What little income Zimbabwe produces now struggles to find its way to the country’s public healthcare system due to ongoing corruption and poor budgeting by the country’s current president, Emmerson Mnangagwa. President Mnangagwa served as Zimbabwean vice president under Mugabe from 2014 to 2017 and leads Zimbabwe today under the leftist Zanu-PF political party, which Mugabe created in 1987.
“We don’t have all the basics, the system is a shell,” Tendai Biti, a Zimbabwean opposition politician for the Movement for Democratic Change Alliance (MDC) party, told Al Jazeera of her country’s healthcare system in April.
“[Zimbabwean] President Emmerson Mnangagwa, his ministers and their cronies … have destroyed hospitals, [and are] now facing the consequences,” Biti said. “They should have invested in health, but they didn’t.”
“Healthcare spending in Zimbabwe has historically been poor compared with other countries in the region,” Al Jazeera recalled in April, citing a 2013 World Health Organization (W.H.O.) report on the state of health financing in southern Africa.
“A minimum spending level of $44 per capita was recommended by the High-Level Task Force on Innovative International Financing for Health Systems in 2009,” according to the news outlet. “The WHO overall recommends a spending level of $86 per person – more than four times what Zimbabwe allocates.”
“Zimbabwe’s own spending on healthcare was just $21 per citizen in 2020,” Al Jazeera reported.
Mugabe created the Zanu-PF, or the Zimbabwe African National Union-Patriotic Front, in 1987 following a power struggle between Zimbabwe’s two main political parties at the time, the Zimbabwe African People’s Union (ZAPU) and the Zimbabwe African National Union (ZANU).
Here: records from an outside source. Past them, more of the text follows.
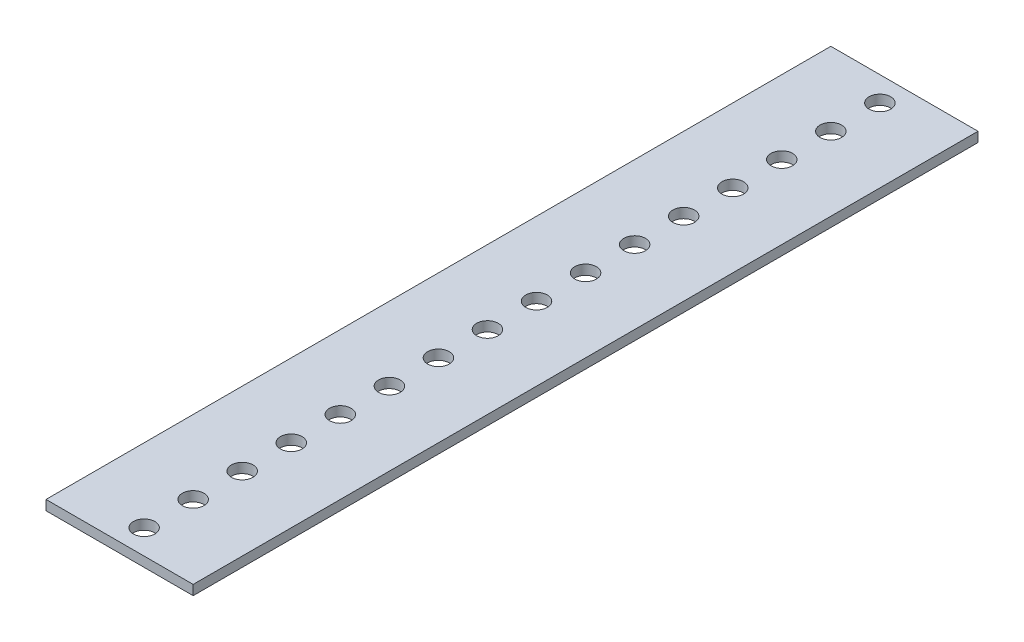
from build123d import *

# Parameters (mm, degrees)
SKETCH2_W           = 38.1
SKETCH2_H           = 203.2
BOSS_EXTRUDE1_DEPTH = 2.54
SKETCH3_R           = 2.794
CUT_EXTRUDE1_DEPTH  = 2.54
LPATTERN1_COUNT     = 16
LPATTERN1_PITCH     = 12.7


with BuildPart() as part:
    # Sketch2 → Boss-Extrude1 (new body)
    with BuildSketch(Plane(origin=(0, 0, 0), x_dir=(1, 0, 0), z_dir=(0, 1, 0))):
        Rectangle(SKETCH2_W, SKETCH2_H)
    extrude(amount=BOSS_EXTRUDE1_DEPTH)

    # Sketch3 → Cut-Extrude1 (cut)
    with BuildSketch(Plane(origin=(0, 2.54, 0), x_dir=(1, 0, 0), z_dir=(0, 1, 0))):
        with Locations((0, -95.25)):
            Circle(SKETCH3_R)
    cut_extrude1 = extrude(amount=-CUT_EXTRUDE1_DEPTH, mode=Mode.SUBTRACT)

    # LPattern1: Cut-Extrude1 ×16
    with Locations(*[(0, 0, -i * LPATTERN1_PITCH) for i in range(1, LPATTERN1_COUNT)]):
        add(cut_extrude1, mode=Mode.SUBTRACT)


solid = part.part

Mugabe ordered a genocide, known in Zimbabwe as “Gukurahundi,” in part because of this political conflict. The Zimbabwe National Army killed an estimated 20,000 civilians, largely Ndebele-speaking Zimbabweans, in a genocidal campaign targeting alleged supporters of anti-government rebels from the early 1980s to late 1987.
“Zimbabwe and Cuba have shared good relations that date back more than 40 years,” the Herald noted on November 22.
“The Caribbean Island offered training ground for liberation war fighters during the struggle for Zimbabwe’s independence [from Britain in 1980],” the state-run Zimbabwean newspaper recalled.
Cuba most recently enacted a violent crackdown on peaceful dissidents, including minors, on November 15 as they attempted to stage a second pro-democracy protest following unprecedented pro-democracy marches on the communist island in July.